To work with with quantized models, build the quantize_ops_aot library that contains kernels for quantization and dequantization. This can be done with the script
`backends/arm/scripts/build_quantized_ops_aot_lib.sh`.

## Using the Arm Ethos-U backend
The example below demonstrates the lowering processs of a MobileNet V2 model from torchvision for a Ethos-U55 target.
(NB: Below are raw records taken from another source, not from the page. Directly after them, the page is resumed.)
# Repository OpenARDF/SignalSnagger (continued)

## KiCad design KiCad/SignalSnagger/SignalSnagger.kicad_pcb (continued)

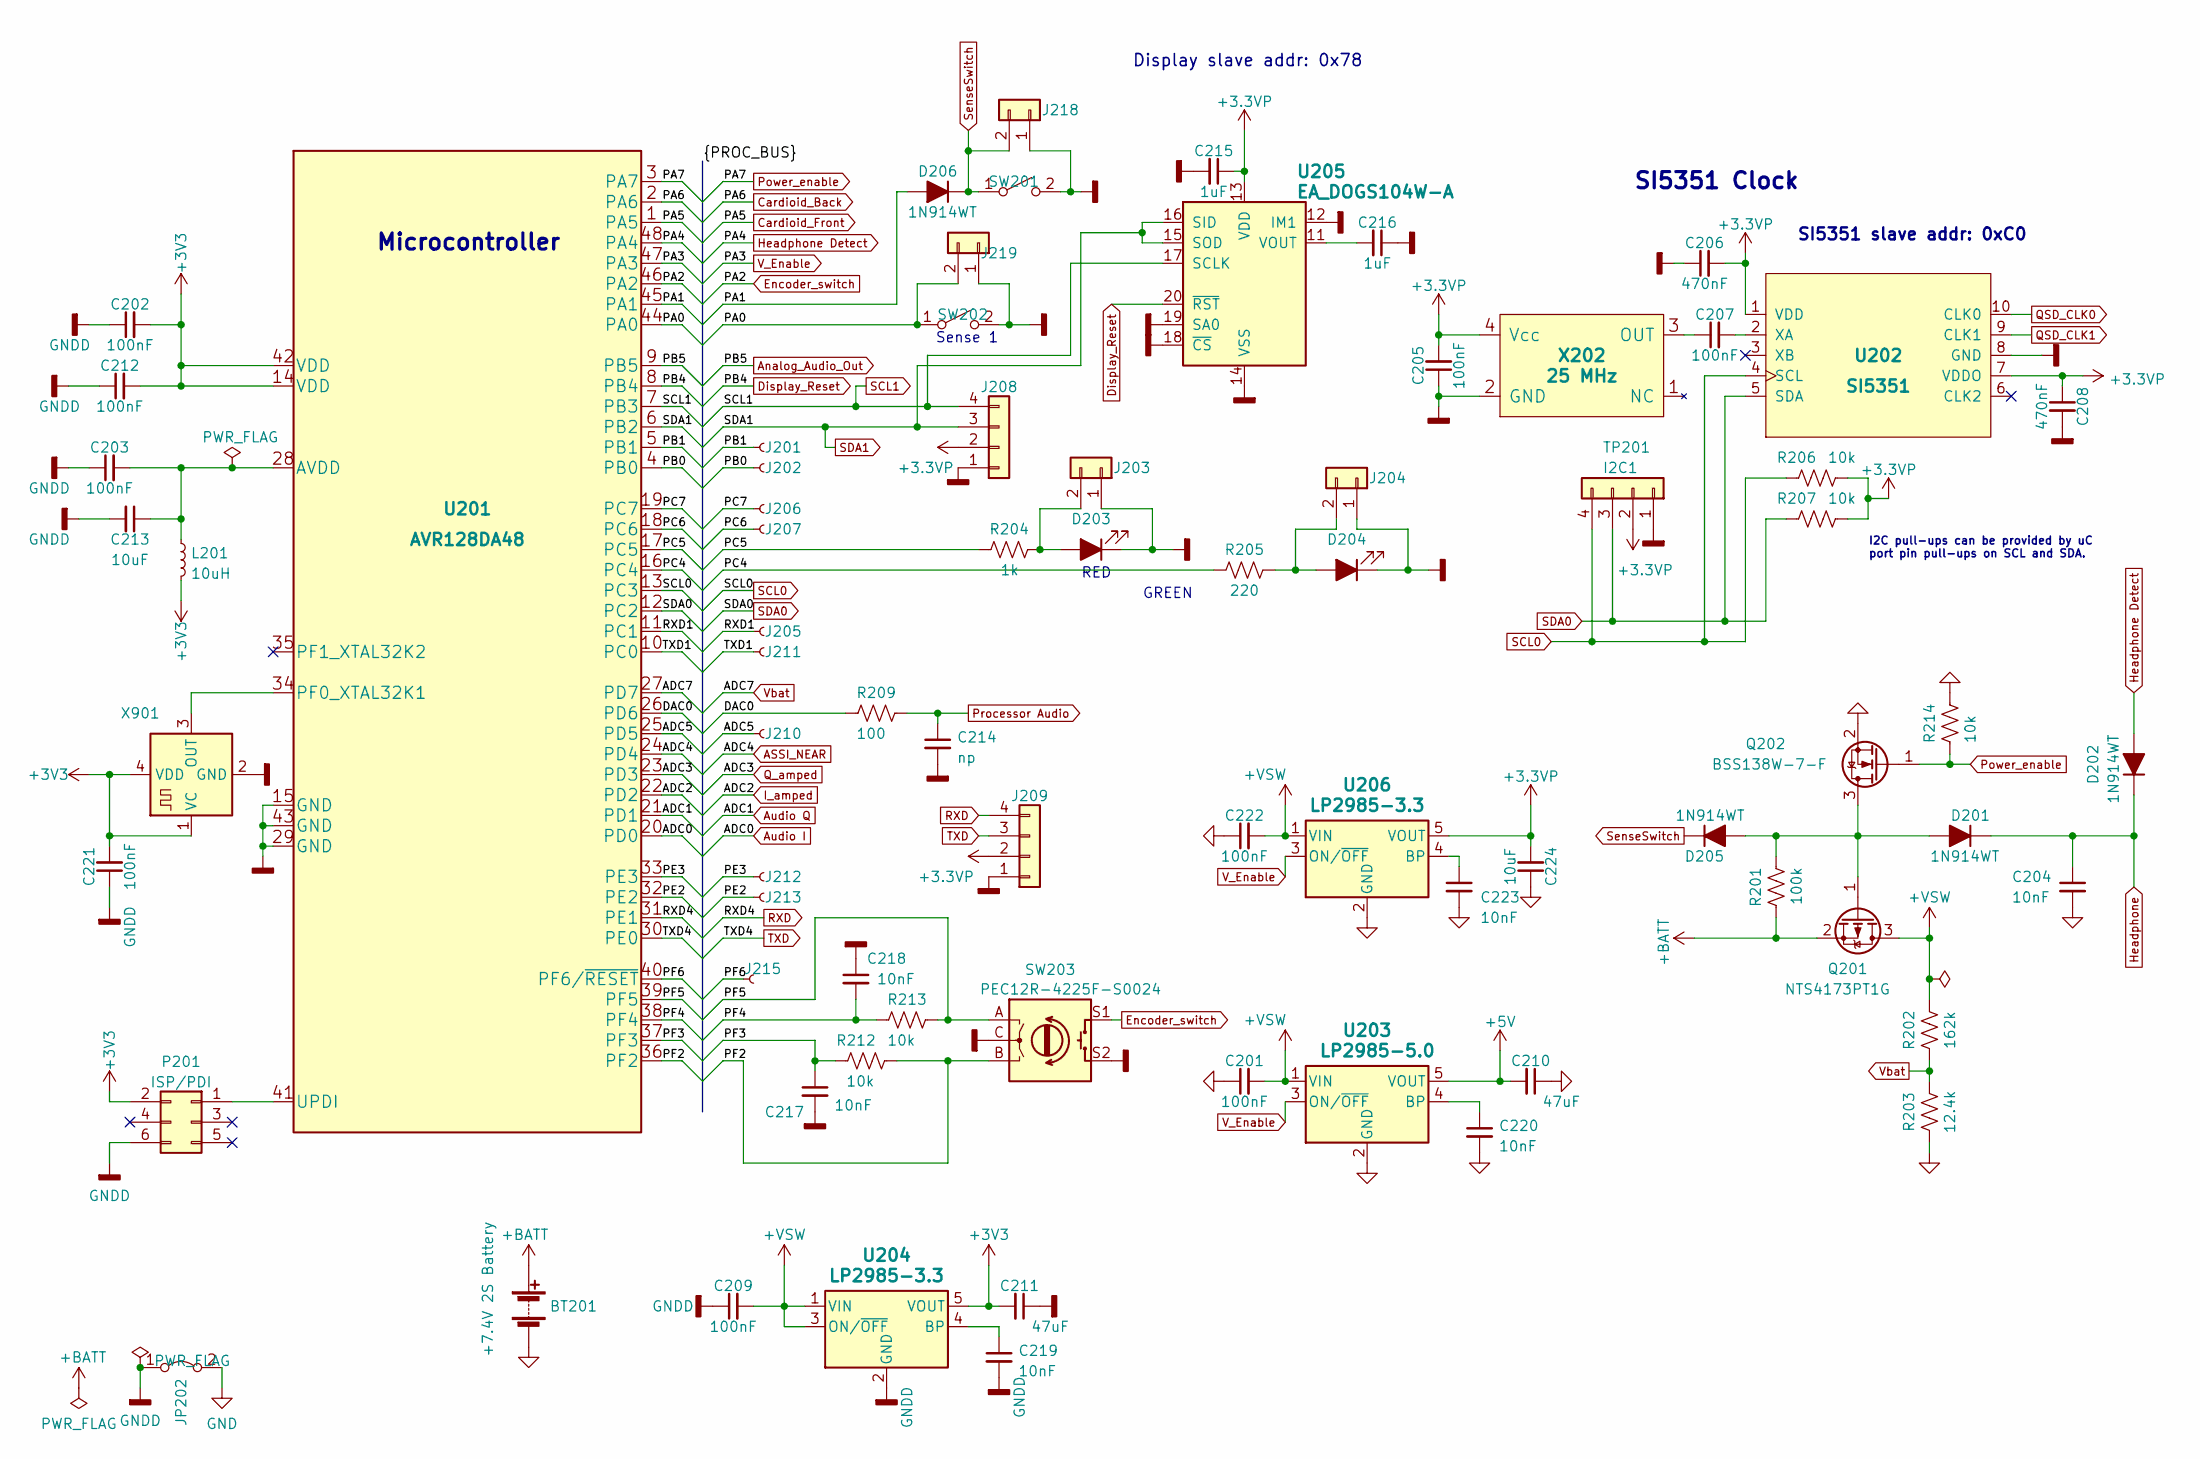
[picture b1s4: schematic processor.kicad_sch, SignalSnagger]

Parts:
BT201: +7.4V 2S Battery; SolderWire-1sqmm_1x02_P7.8mm_D1.4mm_OD3.9mm_Relief; Digi-Key Part No. NP
C201, C202, C203, C205, C207, C209, C212, C221, C222: 100nF; C_0603_1608Metric; Manufacturer PN CL10B104KA8NNNC; Digi-Key Part No. 1276-1006-1-ND
C204, C217, C218, C219, C220, C223: 10nF; C_0603_1608Metric; Manufacturer PN GRM1885C1H103JA01D; Digi-Key Part No. 490-9666-1-ND
C206, C208: 470nF; C_0603_1608Metric; Manufacturer PN CL10B474KA8VPJC; Digi-Key Part No. 1276-CL10B474KA8VPJCCT-ND
C210, C211: 47uF; C_1210_3225Metric; Manufacturer PN CL32A476KOJNNNE; Digi-Key Part No. 1276-3376-1-ND
C213, C224: 10uF; C_0603_1608Metric; Manufacturer PN GRM188C81C106MA73D; Digi-Key Part No. 490-7198-1-ND
C214: np; C_0603_1608Metric; Manufacturer PN C0603X103J4HACAUTO; Digi-Key Part No. 399-C0603X103J4HACAUTOCT-ND
C215, C216: 1uF; C_0603_1608Metric; Manufacturer PN CC0603KRX5R8BB105; Digi-Key Part No. 311-1445-1-ND
D201, D202, D205, D206: 1N914WT; D_SOD-523; Manufacturer PN 1N4148WT-7; Digi-Key Part No. 1N4148WTDICT-ND
D203: Red LED; LED_0805_2012Metric; Manufacturer PN LTST-C170KRKT; Digi-Key Part No. 160-1415-1-ND
D204: Green LED; LED_0805_2012Metric; Manufacturer PN LTST-C170KGKT; Digi-Key Part No. 160-1414-1-ND
J201, J202, J205, J206, J207, J210, J211, J212, J213, J215: Conn_01x01_Female; Dummy_Empty
J203, J204, J218, J219: Conn_01x02; PinSocket_1x02_P1.27mm_Vertical; Digi-Key Part No. N/P
J208, J209: Conn_01x04; PinHeader_1x04_P1.27mm_Vertical
JP202: Jumper_2_Bridged; Jumper_THT-1x02_Bridged_Circular; Digi-Key Part No. N/P
L201: 10uH; L_0603_1608Metric; Manufacturer PN LBMF1608T100K; Digi-Key Part No. 587-1714-1-ND
P201: ISP/PDI; PinHeader_2x03_P2.54mm_Vertical_SMD; Manufacturer PN M20-8760442; Digi-Key Part No. M20-8760442-ND
Q201: NTS4173PT1G; SOT-323_SC-70; Manufacturer PN NTS4173PT1G; Digi-Key Part No. NTS4173PT1GOSCT-ND
Q202: BSS138W-7-F; SOT-323_SC-70; Manufacturer PN BSS138W-7-F; Digi-Key Part No. BSS138W-FDICT-ND
R201: 100k; R_0603_1608Metric; Manufacturer PN RC0603FR-07100KL; Digi-Key Part No. 311-100KHRCT-ND
R202: 162k; R_0603_1608Metric; Manufacturer PN RC0603FR-07162KL; Digi-Key Part No. 311-162KHRCT-ND
R203: 12.4k; R_0603_1608Metric; Manufacturer PN RC0603FR-0712K4L; Digi-Key Part No. 311-12.4KHRCT-ND
R204: 1k; R_0603_1608Metric; Manufacturer PN RC0603FR-071KL; Digi-Key Part No. 311-1.00KHRCT-ND
R205: 220; R_0603_1608Metric; Manufacturer PN RC0603FR-07220RL; Digi-Key Part No. 311-220HRCT-ND
R206, R207, R212, R213, R214: 10k; R_0603_1608Metric; Manufacturer PN RC0603FR-0710KL; Digi-Key Part No. 311-10.0KHRCT-ND
R209: 100; R_0603_1608Metric; Manufacturer PN RC0603FR-07100RL; Digi-Key Part No. 311-100HRCT-ND
SW201, SW202: SW_SPST; SW_SPST_TL1014BF160QG; Manufacturer PN TL1014BF160QG; Digi-Key Part No. EG5042CT-ND
SW203: PEC12R-4225F-S0024; RotaryEncoder_Bourns_PEC12R-Switch_Vertical_CircularMountin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; Manufacturer PN PEC12R-4225F-S0024; Digi-Key Part No. PEC12R-4225F-S0024-ND
TP201: I2C1; PinSocket_1x04_P1.27mm_Vertical; Digi-Key Part No. N/P
U201: AVR128DA48; TQFP-48_7x7mm_P0.5mm; Manufacturer PN AVR128DA48T-E/PT; Digi-Key Part No. 150-AVR128DA48T-E/PTCT-ND
U202: SI5351; MSOP-10_3x3mm_P0.5mm; Manufacturer PN SI5351A-B-GT; Digi-Key Part No. 336-2399-5-ND
U203: LP2985-5.0; SOT-23-5; Manufacturer PN LP2985-50DBVR; Digi-Key Part No. 296-20717-1-ND
U204, U206: LP2985-3.3; SOT-23-5; Manufacturer PN LP2985-33DBVR; Digi-Key Part No. 296-18476-1-ND
U205: EA_DOGS104W-A; EA_DOGS104X-A; Manufacturer PN EA DOGS104W-A; Digi-Key Part No. 1481-1233-ND
X202: 25 MHz; Crystal_SMD_TXETCLSANF-4Pin; Manufacturer PN TXETCLSANF-25.000000; Digi-Key Part No. 1664-1273-1-ND
X901: ECS-327TXO-30-TR; Oscillator_SMD_ECS_327TXO; Manufacturer PN ECS-327TXO-30-TR; Digi-Key Part No. 50-ECS-327TXO-30-CT-ND

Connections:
+3.3VP: C205.2, C206.2, C208.1, C215.1, C224.2, J208.2, J209.2, R206.1, R207.1, TP201.2, U202.1 (VDD), U202.7 (VDDO), U205.13 (VDD), U206.5 (VOUT), X202.4 (Vcc)
+3V3: C202.2, C211.2, C212.2, C221.2, L201.2, P201.2, U201.14 (VDD), U201.42 (VDD), U204.5 (VOUT), X901.1 (VC), X901.4 (VDD)
+5V: C210.2, U203.5 (VOUT); also elsewhere on the board
+BATT: BT201.2 (+), Q201.2 (S), R201.1
+VSW: C201.2, C209.2, C222.2, Q201.3 (D), R202.2, U203.1 (VIN), U204.1 (VIN), U204.3 (ON/~OFF), U206.1 (VIN); also elsewhere on the board
/Processor/ADC5: J210.1, U201.25 (PD5)
/Processor/DAC0: R209.1, U201.26 (PD6)
/Processor/PA0: J219.2, SW202.1 (A), U201.44 (PA0)
/Processor/PA1: D206.2 (A), U201.45 (PA1)
/Processor/PB0: J202.1, U201.4 (PB0)
/Processor/PB1: J201.1, U201.5 (PB1)
/Processor/PC4: R205.1, U201.16 (PC4)
/Processor/PC5: R204.1, U201.17 (PC5)
/Processor/PC6: J207.1, U201.18 (PC6)
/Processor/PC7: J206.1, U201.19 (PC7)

Since the model is a floating point model, first quantize it using the `EthosUQuantizer`. Then, pass an instance of the `EthosUPartitioner` to `to_edge_transform_and_lower`. Both the quantizer and the partitioner need a compilation specification created using `ArmCompileSpecBuilder`.

```python
import torch
from executorch.backends.arm.arm_backend import ArmCompileSpecBuilder
from executorch.backends.arm.ethosu_partitioner import EthosUPartitioner
from executorch.backends.arm.quantizer.arm_quantizer import (
    EthosUQuantizer,
    get_symmetric_quantization_config,
)
from executorch.exir import (
    EdgeCompileConfig,
    ExecutorchBackendConfig,
    to_edge_transform_and_lower,
)
from torch.ao.quantization.quantize_pt2e import convert_pt2e, prepare_pt2e
from torchvision.models import mobilenetv2

mobilenet_v2 = mobilenetv2.mobilenet_v2(
    weights=mobilenetv2.MobileNet_V2_Weights.DEFAULT
).eval()
example_inputs = (torch.randn(1, 3, 224, 224),)
# .so suffix is .dylib on MacOS.
torch.ops.load_library(
    "cmake-out-aot-lib/kernels/quantized/libquantized_ops_aot_lib.so"
)

compile_spec = ArmCompileSpecBuilder().ethosu_compile_spec(
        "ethos-u55-128",
        system_config="Ethos_U55_High_End_Embedded",
        memory_mode="Shared_Sram",
        extra_flags="--output-format=raw --debug-force-regor",
    ).build()

# Post training quantization
graph_module = torch.export.export_for_training(mobilenet_v2, example_inputs).module()
quantizer = EthosUQuantizer(compile_spec)
operator_config = get_symmetric_quantization_config(is_per_channel=False)
quantizer.set_global(operator_config)
graph_module = prepare_pt2e(graph_module, quantizer)
graph_module(*example_inputs)
graph_module = convert_pt2e(graph_module)
exported_program = torch.export.export_for_training(graph_module, example_inputs)

# Lower the exported program to the Ethos-U backend and save pte file.
edge_program_manager = to_edge_transform_and_lower(
    exported_program,
    partitioner=[EthosUPartitioner(compile_spec)],
    compile_config=EdgeCompileConfig(
        _check_ir_validity=False,
    ),
).to_executorch(config=ExecutorchBackendConfig(extract_delegate_segments=False))

with open("mv2_arm_ethos_u55.pte", "wb") as file:
    edge_program_manager.write_to_file(file)
```

### Partitioner API

`EthosUPartitioner` tries to partition as much of the model as possible. It will never delegate unsupported operators, but a user can pass additional checks to the constructor to avoid partitioning additional operators. To do this, subclass `OperatorSupportBase` and implement the function `is_node_supported`. A few such checks exist in `executorch.exir.backend.operator_support`:

- `DontPartition`: Don't partition operators based on operator type.
- `DontPartitionModule`: Don't partition operators based on which python module the operator comes from.
- `DontPartitionName`: Don't partition opertors based on the operator name.

### Quantization

A fully integer model is required for using the Arm Ethos-U backend. As discussed above, you can quantize floating point models with the the `EthosUQuantizer`. Quantizers are backend specific, which means the `EthosUQuantizer` is configured to quantize models correctly for the target.

## Runtime Integration

To run the model on-device, build the executorch library and EthosUDelegate using the script
`executorch/backends/arm/scripts/build_executorch.sh`.
Then build the arm executorch runtime using the script
`executorch/backends/arm/scripts/build_executorch_runner.sh --pte=mv2_arm_ethos_u55.pte --target=ethos-u55-128`.

Finally, run the elf file on FVP using the script
`executorch/backends/arm/scripts/run_fvp.sh --elf=executorch/mv2_arm_ethos_u55/cmake-out/arm_executor_runner --target=ethos-u55-128`.